Return only the lines from the top of the data down to the one that holds "Bus Selector : BusSelector", both included, without any pictures.

▶ [RECORDS TO PROCESS]
+ + + + + + +

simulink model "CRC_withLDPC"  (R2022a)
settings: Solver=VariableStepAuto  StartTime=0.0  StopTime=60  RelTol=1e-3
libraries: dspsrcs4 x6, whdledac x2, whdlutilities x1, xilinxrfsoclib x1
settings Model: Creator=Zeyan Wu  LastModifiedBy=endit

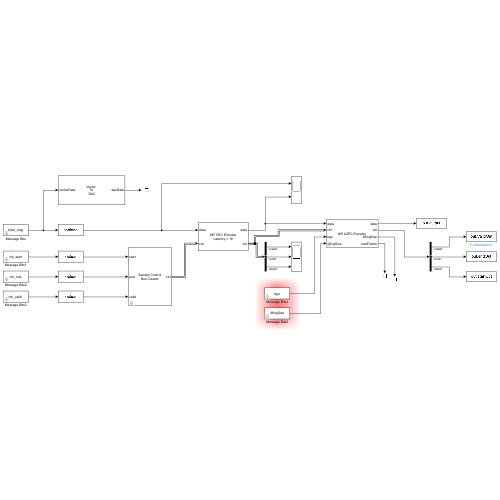
[thumbnail: Simulink's stored preview of the top-level diagram]
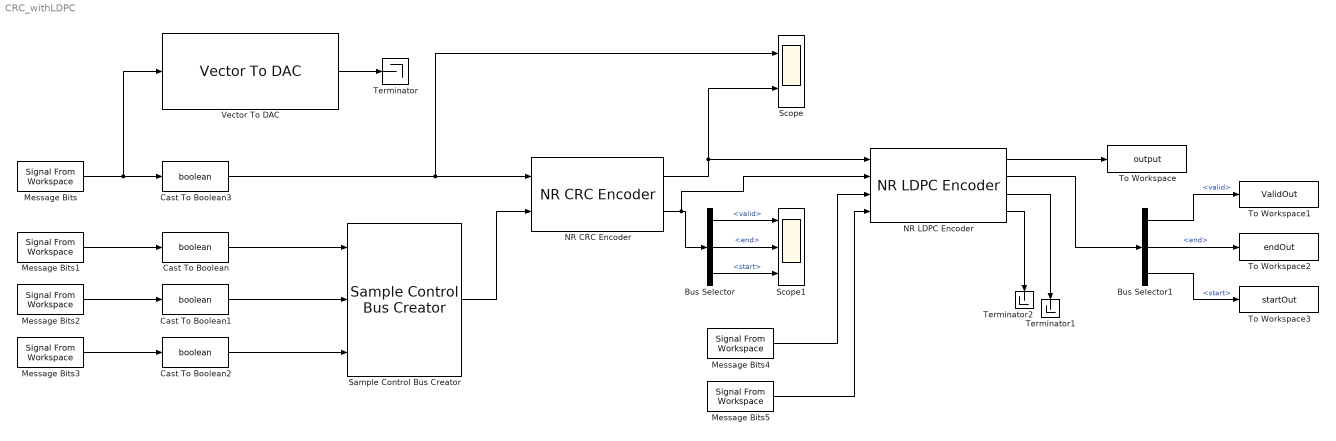
== system CRC_withLDPC ==
  Bus Selector : BusSelector  OutputSignals=valid,end,start
  Bus Selector1 : BusSelector  OutputSignals=valid,end,start
  Cast To Boolean{,1..3} (4 alike) : DataTypeConversion  OutDataTypeStr=boolean  SaturateOnIntegerOverflow=off  RndMeth=Floor
  Message Bits : dspsrcs4/Signal From Workspace  X=input_msg  Ts=1  nsamps=1  OutputAfterFinalValue=Setting to zero  ignoreOrWarnInputAndFrameLengths=off  OutputFrames=on
  Message Bits1 : dspsrcs4/Signal From Workspace  X=ctrl_start  Ts=1  nsamps=1  OutputAfterFinalValue=Setting to zero  ignoreOrWarnInputAndFrameLengths=off  OutputFrames=on
  Message Bits2 : dspsrcs4/Signal From Workspace  X=ctrl_end  Ts=1  nsamps=1  OutputAfterFinalValue=Setting to zero  ignoreOrWarnInputAndFrameLengths=off  OutputFrames=on
  Message Bits3 : dspsrcs4/Signal From Workspace  X=ctrl_valid  Ts=1  nsamps=1  OutputAfterFinalValue=Setting to zero  ignoreOrWarnInputAndFrameLengths=off  OutputFrames=on
  Message Bits4 : dspsrcs4/Signal From Workspace  X=bgn  Ts=1  nsamps=1  OutputAfterFinalValue=Setting to zero  ignoreOrWarnInputAndFrameLengths=off  OutputFrames=on
  Message Bits5 : dspsrcs4/Signal From Workspace  X=liftingSize  Ts=1  nsamps=1  OutputAfterFinalValue=Setting to zero  ignoreOrWarnInputAndFrameLengths=off  OutputFrames=on
  NR CRC Encoder : whdledac/NR CRC Encoder  CRCType=CRC16  EnableCRCMaskPort=off  SimulateUsing=Code generation
      settings: SourceProductBaseCode=LH
  NR LDPC Encoder : whdledac/NR LDPC Encoder
      settings: SourceProductBaseCode=LH
  Sample Control Bus Creator : whdlutilities/Sample Control Bus Creator
      settings: SourceProductBaseCode=LH
  Scope : Scope  NumInputPorts=2
  Scope1 : Scope  NumInputPorts=3
  Terminator : Terminator
  Terminator1 : Terminator
  Terminator2 : Terminator
  To Workspace : ToWorkspace  VariableName=output  SampleTime=1
      settings: Save2DSignal=2-D array (concatenate along first dimension)
  To Workspace1 : ToWorkspace  VariableName=ValidOut  SampleTime=1
      settings: Save2DSignal=2-D array (concatenate along first dimension)
  To Workspace2 : ToWorkspace  VariableName=endOut  SampleTime=1
      settings: Save2DSignal=2-D array (concatenate along first dimension)
  To Workspace3 : ToWorkspace  VariableName=startOut  SampleTime=1
      settings: Save2DSignal=2-D array (concatenate along first dimension)
  Vector To DAC : xilinxrfsoclib/Vector To DAC  INPUT_WL=16  DT_INPUT=0
      settings: SourceProductBaseCode=XILINX_BLOCKSET
  wires:
  Message Bits2/1 -> Cast To Boolean1/1
  Message Bits1/1 -> Cast To Boolean/1
  Message Bits3/1 -> Cast To Boolean2/1
  Sample Control Bus Creator/1 -> NR CRC Encoder/2
  Cast To Boolean/1 -> Sample Control Bus Creator/1
  Cast To Boolean1/1 -> Sample Control Bus Creator/2
  Cast To Boolean2/1 -> Sample Control Bus Creator/3
  NR CRC Encoder/2 -> NR LDPC Encoder/2, Bus Selector/1
  Bus Selector/1 -> Scope1/1  "<valid>"
  Bus Selector/3 -> Scope1/3  "<start>"
  NR CRC Encoder/1 -> NR LDPC Encoder/1, Scope/2
  Bus Selector/2 -> Scope1/2  "<end>"
  Message Bits/1 -> Cast To Boolean3/1, Vector To DAC/1
  Cast To Boolean3/1 -> Scope/1, NR CRC Encoder/1
  Vector To DAC/1 -> Terminator/1
  NR LDPC Encoder/1 -> To Workspace/1
  NR LDPC Encoder/2 -> Bus Selector1/1
  Bus Selector1/1 -> To Workspace1/1  "<valid>"
  Bus Selector1/2 -> To Workspace2/1  "<end>"
  Bus Selector1/3 -> To Workspace3/1  "<start>"
  NR LDPC Encoder/3 -> Terminator1/1
  NR LDPC Encoder/4 -> Terminator2/1
  Message Bits4/1 -> NR LDPC Encoder/3
  Message Bits5/1 -> NR LDPC Encoder/4
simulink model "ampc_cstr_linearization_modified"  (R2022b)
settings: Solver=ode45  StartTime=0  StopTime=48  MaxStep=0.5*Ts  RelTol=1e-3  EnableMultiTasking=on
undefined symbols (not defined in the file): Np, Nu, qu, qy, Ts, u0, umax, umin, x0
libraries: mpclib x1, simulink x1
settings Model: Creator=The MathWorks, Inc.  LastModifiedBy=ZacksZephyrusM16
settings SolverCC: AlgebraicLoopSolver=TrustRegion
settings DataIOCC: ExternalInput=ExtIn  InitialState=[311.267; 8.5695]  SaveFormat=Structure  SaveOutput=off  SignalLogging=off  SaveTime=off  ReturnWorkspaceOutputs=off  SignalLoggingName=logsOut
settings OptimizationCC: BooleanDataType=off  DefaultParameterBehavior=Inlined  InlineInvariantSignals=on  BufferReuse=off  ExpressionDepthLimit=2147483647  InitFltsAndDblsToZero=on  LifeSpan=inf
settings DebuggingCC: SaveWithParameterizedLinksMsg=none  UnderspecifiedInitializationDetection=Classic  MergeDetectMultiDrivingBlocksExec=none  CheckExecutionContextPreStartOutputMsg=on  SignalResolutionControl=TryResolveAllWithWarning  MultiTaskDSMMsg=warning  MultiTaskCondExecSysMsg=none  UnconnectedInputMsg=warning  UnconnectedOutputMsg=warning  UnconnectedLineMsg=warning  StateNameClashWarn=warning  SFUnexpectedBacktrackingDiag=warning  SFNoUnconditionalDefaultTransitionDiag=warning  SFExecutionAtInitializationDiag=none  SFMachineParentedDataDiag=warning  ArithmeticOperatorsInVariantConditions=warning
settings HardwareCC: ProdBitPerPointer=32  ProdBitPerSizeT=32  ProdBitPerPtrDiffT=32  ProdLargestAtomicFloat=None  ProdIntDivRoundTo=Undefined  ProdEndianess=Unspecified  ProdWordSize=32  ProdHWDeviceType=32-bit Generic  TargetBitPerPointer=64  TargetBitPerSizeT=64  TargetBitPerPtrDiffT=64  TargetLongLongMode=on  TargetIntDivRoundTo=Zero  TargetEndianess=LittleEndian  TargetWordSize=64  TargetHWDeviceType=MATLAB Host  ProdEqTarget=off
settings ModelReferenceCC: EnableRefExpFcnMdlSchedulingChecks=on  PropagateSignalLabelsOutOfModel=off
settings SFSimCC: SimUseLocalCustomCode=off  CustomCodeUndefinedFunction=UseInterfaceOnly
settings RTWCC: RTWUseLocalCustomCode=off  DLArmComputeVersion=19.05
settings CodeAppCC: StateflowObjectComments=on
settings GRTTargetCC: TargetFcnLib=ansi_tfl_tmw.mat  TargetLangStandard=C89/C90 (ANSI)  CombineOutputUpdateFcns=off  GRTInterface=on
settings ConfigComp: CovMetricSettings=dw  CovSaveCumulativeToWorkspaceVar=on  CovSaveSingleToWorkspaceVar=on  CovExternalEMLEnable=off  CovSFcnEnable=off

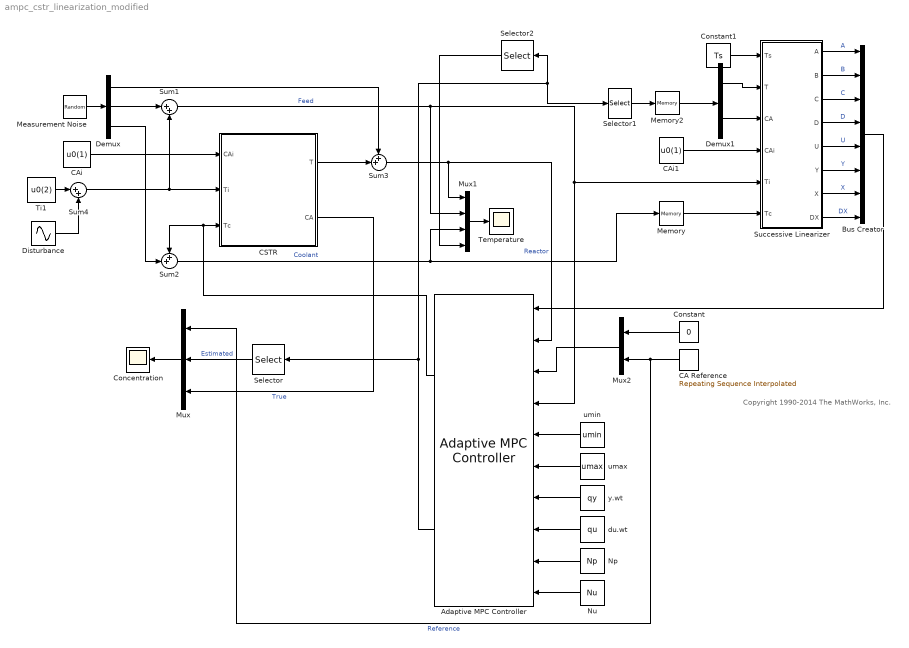
== system ampc_cstr_linearization_modified ==
  note: Copyright 1990-2014 The MathWorks, Inc.
  Adaptive MPC Controller : mpclib/Adaptive MPC Controller  SCDEnableBlockLinearizationSpecification=on  mpcobj=mpcobj  enable_value=0  updateMPCinCallerWorkspace=on  md_inport=on  mv_inport=off  uref_inport=off  return_cost=off  return_mvseq=off  return_qpstatus=off  return_xseq=off  return_state=on  return_ovseq=off  state_inport=off  isltv_plant=off  umin_inport=on  umax_inport=on  ymin_inport=off  ymax_inport=off  cc_inport=off  ywt_inport=on  uwt_inport=off  duwt_inport=on  rhoeps_inport=off  pm_inport=on  MaximumP=40  HorizonChoice=VariableHorizon  BlockDataType=double  SampleTimeInherited=off  switch_inport=off
  Bus Creator : BusCreator  Inputs=8
  CA Reference : simulink/Sources/Repeating Sequence Interpolated  OutValues=[2, 2, 2, 2]  TimeValues="[0 50  150 200]"  LookUpMeth=Interpolation-Use End Values  tsamp=Ts  OutMin=[]  OutMax=[]  OutDataTypeStr=double  OutputDataTypeScalingMode=double  OutDataType=fixdt(0,8)  OutScaling=2^-10
  CAi : Constant  Value=u0(1)
  CAi1 : Constant  Value=u0(1)
  CSTR : Subsystem
  Concentration : Scope
  Constant : Constant  Value=0
  Constant1 : Constant  Value=Ts
  Demux : Demux  Outputs=3
  Demux1 : Demux  Outputs=2
  Disturbance : Sin  Amplitude=2  Frequency=0.05  SampleTime=0
  Measurement Noise : RandomNumber  Mean=[0 0 0]  Variance=0.001*[1 1 1]  Seed=98325  SampleTime=Ts/5
  Memory : Memory  InitialCondition=u0(3)
  Memory2 : Memory  InitialCondition=x0
  Mux : Mux  Inputs=3
  Mux1 : Mux
  Mux2 : Mux  Inputs=2
  Np : Constant  Value=Np
  Nu : Constant  Value=Nu
  Selector : Selector  InputPortWidth=3  IndexOptions=Index vector (dialog)  Indices=[2]  OutputSizes=1
  Selector1 : Selector  InputPortWidth=3  IndexOptions=Index vector (dialog)  Indices=1:2  OutputSizes=1
  Selector2 : Selector  InputPortWidth=3  IndexOptions=Index vector (dialog)  Indices=1  OutputSizes=1
  Successive Linearizer : MATLAB Function  TreatAsAtomicUnit=on  SystemSampleTime=Ts
  Sum1 : Sum  Inputs=|++  SampleTime=Ts/5
  Sum2 : Sum  Inputs=++|  SampleTime=Ts/5
  Sum3 : Sum  Inputs=++|  SampleTime=Ts/5
  Sum4 : Sum  Inputs=|++  SampleTime=Ts/5
  Temperature : Scope
  Ti1 : Constant  Value=u0(2)
  du.wt : Constant  Value=qu
  umax : Constant  Value=umax
  umin : Constant  Value=umin
  y.wt : Constant  Value=qy
  wires:
  CA Reference/1 -> Mux/1, Mux2/2  "Reference"
  Mux/1 -> Concentration/1
  Mux1/1 -> Temperature/1
  Sum1/1 -> Mux1/2, Adaptive MPC Controller/4, Successive Linearizer/5(Ti)  "Feed"
  Bus Creator/1 -> Adaptive MPC Controller/1
  Mux2/1 -> Adaptive MPC Controller/3
  CAi/1 -> CSTR/1(CAi)
  Measurement Noise/1 -> Demux/1
  Demux/1 -> Sum3/1
  Demux/2 -> Sum1/1
  Demux/3 -> Sum2/2
  Sum2/1 -> Mux1/3, Memory/1  "Coolant"
  Constant/1 -> Mux2/1
  Sum3/1 -> Adaptive MPC Controller/2, Mux1/1  "Reactor"
  CSTR/2(CA) -> Mux/3  "True"
  CSTR/1(T) -> Sum3/2
  Adaptive MPC Controller/1 -> Sum2/1, CSTR/3(Tc)
  Selector/1 -> Mux/2  "Estimated"
  Sum4/1 -> Sum1/2, CSTR/2(Ti)
  Successive Linearizer/1(A) -> Bus Creator/1  "A"
  Successive Linearizer/2(B) -> Bus Creator/2  "B"
  Successive Linearizer/3(C) -> Bus Creator/3  "C"
  Successive Linearizer/4(D) -> Bus Creator/4  "D"
  Successive Linearizer/5(U) -> Bus Creator/5  "U"
  Successive Linearizer/6(Y) -> Bus Creator/6  "Y"
  Successive Linearizer/7(X) -> Bus Creator/7  "X"
  Successive Linearizer/8(DX) -> Bus Creator/8  "DX"
  Demux1/1 -> Successive Linearizer/2(T)
  Demux1/2 -> Successive Linearizer/3(CA)
  Memory/1 -> Successive Linearizer/6(Tc)
  Memory2/1 -> Demux1/1
  Selector1/1 -> Memory2/1
  Adaptive MPC Controller/2 -> Selector2/1, Selector1/1, Selector/1
  CAi1/1 -> Successive Linearizer/4(CAi)
  umin/1 -> Adaptive MPC Controller/5
  umax/1 -> Adaptive MPC Controller/6
  y.wt/1 -> Adaptive MPC Controller/7
  du.wt/1 -> Adaptive MPC Controller/8
  Np/1 -> Adaptive MPC Controller/9
  Nu/1 -> Adaptive MPC Controller/10
  Constant1/1 -> Successive Linearizer/1(Ts)
  Disturbance/1 -> Sum4/2
  Ti1/1 -> Sum4/1
  Selector2/1 -> Mux1/4

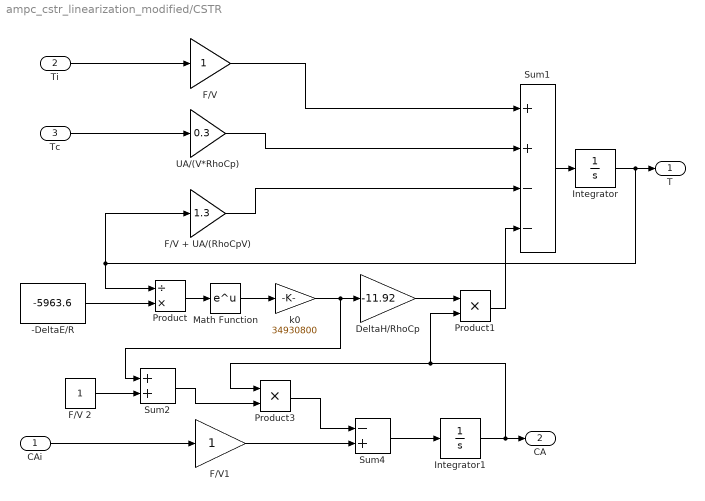
== system ampc_cstr_linearization_modified/CSTR ==
  CAi : Inport
  Ti : Inport  Port=2
  Tc : Inport  Port=3
  -DeltaE/R : Constant  Value=-5963.6
  DeltaH/RhoCp : Gain  Gain=-11.92  SaturateOnIntegerOverflow=on  OutDataTypeStr=Inherit: Same as input  ParamDataTypeStr=Inherit: Same as input
  F/V : Gain  SaturateOnIntegerOverflow=on  OutDataTypeStr=Inherit: Same as input  ParamDataTypeStr=Inherit: Same as input
  F/V + UA/(RhoCpV) : Gain  Gain=1.3  SaturateOnIntegerOverflow=on  OutDataTypeStr=Inherit: Same as input  ParamDataTypeStr=Inherit: Same as input
  F/V 2 : Constant
  F/V1 : Gain  SaturateOnIntegerOverflow=on  OutDataTypeStr=Inherit: Same as input  ParamDataTypeStr=Inherit: Same as input
  Integrator : Integrator  InitialCondition=311.2639  LimitOutput=on  LowerSaturationLimit=0
  Integrator1 : Integrator  InitialCondition=8.5698  LimitOutput=on  LowerSaturationLimit=0
  Math Function : Math  SignedPower=on
  Product : Product  Inputs=/*  InputSameDT=on  RndMeth=Zero  SaturateOnIntegerOverflow=on  OutDataTypeStr=Inherit: Same as first input
  Product1 : Product  InputSameDT=on  RndMeth=Zero  SaturateOnIntegerOverflow=on  OutDataTypeStr=Inherit: Same as first input
  Product3 : Product  InputSameDT=on  RndMeth=Zero  SaturateOnIntegerOverflow=on  OutDataTypeStr=Inherit: Same as first input
  Sum1 : Sum  Inputs=++--  InputSameDT=on  SaturateOnIntegerOverflow=on  OutDataTypeStr=Inherit: Same as first input
  Sum2 : Sum  InputSameDT=on  SaturateOnIntegerOverflow=on  OutDataTypeStr=Inherit: Same as first input
  Sum4 : Sum  Inputs=-+  InputSameDT=on  SaturateOnIntegerOverflow=on  OutDataTypeStr=Inherit: Same as first input
  UA/(V*RhoCp) : Gain  Gain=0.3  SaturateOnIntegerOverflow=on  OutDataTypeStr=Inherit: Same as input  ParamDataTypeStr=Inherit: Same as input
  k0 : Gain  Gain=34930800  SaturateOnIntegerOverflow=on  OutDataTypeStr=Inherit: Same as input  ParamDataTypeStr=Inherit: Same as input
  T : Outport
  CA : Outport  Port=2
  wires:
  Sum2/1 -> Product3/2
  Tc/1 -> UA/(V*RhoCp)/1
  CAi/1 -> F/V1/1
  Ti/1 -> F/V/1
  F/V1/1 -> Sum4/2
  F/V 2/1 -> Sum2/2
  Integrator1/1 -> CA/1, Product3/1, Product1/2
  Sum4/1 -> Integrator1/1
  Product3/1 -> Sum4/1
  -DeltaE/R/1 -> Product/2
  k0/1 -> Sum2/1, DeltaH/RhoCp/1
  Product1/1 -> Sum1/4
  DeltaH/RhoCp/1 -> Product1/1
  Math Function/1 -> k0/1
  Product/1 -> Math Function/1
  F/V + UA/(RhoCpV)/1 -> Sum1/3
  UA/(V*RhoCp)/1 -> Sum1/2
  Integrator/1 -> T/1, F/V + UA/(RhoCpV)/1, Product/1
  Sum1/1 -> Integrator/1
  F/V/1 -> Sum1/1

== matlab function ampc_cstr_linearization_modified/Successive Linearizer ==
  data: Ts input; A output size=[2,2]; T input; B output size=[2,2]; CA input; CAi input; Ti input; Tc input; C output size=[2,2]; D output size=[2,2]; U output size=[2,1]; Y output size=[2,1]; X output size=[2,1]; DX output size=[2,1]
function [A, B, C, D, U, Y, X, DX] = fcn(Ts, T, CA, CAi, Ti, Tc)
%#codegen

% Define constant outputs
C = eye(2);
D = zeros(2,2);
% Nominal U are obtained from measurements
U = [Ti; Tc];
% Nominal X and Y are obtained from estimated MPC states
Y = [T; CA];
X = [T; CA];
% Analytical linearization of mechanistic CSTR model (continuous time)
[A, Bo] = getContinuous(T, CA, CAi, Ti, Tc);
% Convert continuous to discrete time
[A, Bo] = adasblocks_utilDicretizeModel(A, Bo, Ts);
% Last column of B contains the constant offset contribution.
DX = Bo(:,3);
B = Bo(:,1:2);

function [a, b] = getContinuous(T, CA, CAi, Ti, Tc)
% Define linear continuous-time matrices A and B for CSTR.  Last input is
% offset.

% Parameters
EaOverR = 5963.6;
lnA0 = 17.3689;
FoV = 1;                    % F/V [=] 1/s
A0 = exp(lnA0);             % Arrhenius pre-exponential, [=] 1/s
EoR = EaOverR;              % Ea/R [=] K
dHrCon = -11.92;            % delH/(Rho*C) [=] K-m3/kmol
UACon = 0.3;                % UA/(Rho*C*V) [=] 1/s
k = -A0*exp(-EoR/T);        % k is for rate of A production [=] 1/s
rA = k*CA;
% Nonlinear model time derivatives
dxdt = zeros(2,1);
dxdt(1) = (CAi - CA)*FoV + rA;
dxdt(2) = (Ti - T)*FoV + UACon*(Tc -T) + dHrCon*rA;
% Reaction rate partial derivatives
drAdCA = k;
drAdT = CA*k*EoR/(T^2);
% Continuous-time matrix: A
a = [(drAdCA - FoV)   drAdT
     dHrCon*drAdCA    (dHrCon*drAdT - FoV - UACon)];
% Continuous-time matrix: B
b = [0      0       dxdt(1)
     FoV    UACon   dxdt(2)];
% Make state indices consistent with x1 = T, x2 = CA
ix = [2,1];
a = a(ix,ix);
b = b(ix,:);

+ + + + + + +

▶ [YOUR RESPONSE]
simulink model "CRC_withLDPC"  (R2022a)
settings: Solver=VariableStepAuto  StartTime=0.0  StopTime=60  RelTol=1e-3
libraries: dspsrcs4 x6, whdledac x2, whdlutilities x1, xilinxrfsoclib x1
settings Model: Creator=Zeyan Wu  LastModifiedBy=endit

[thumbnail: Simulink's stored preview of the top-level diagram]
== system CRC_withLDPC ==
  Bus Selector : BusSelector  OutputSignals=valid,end,start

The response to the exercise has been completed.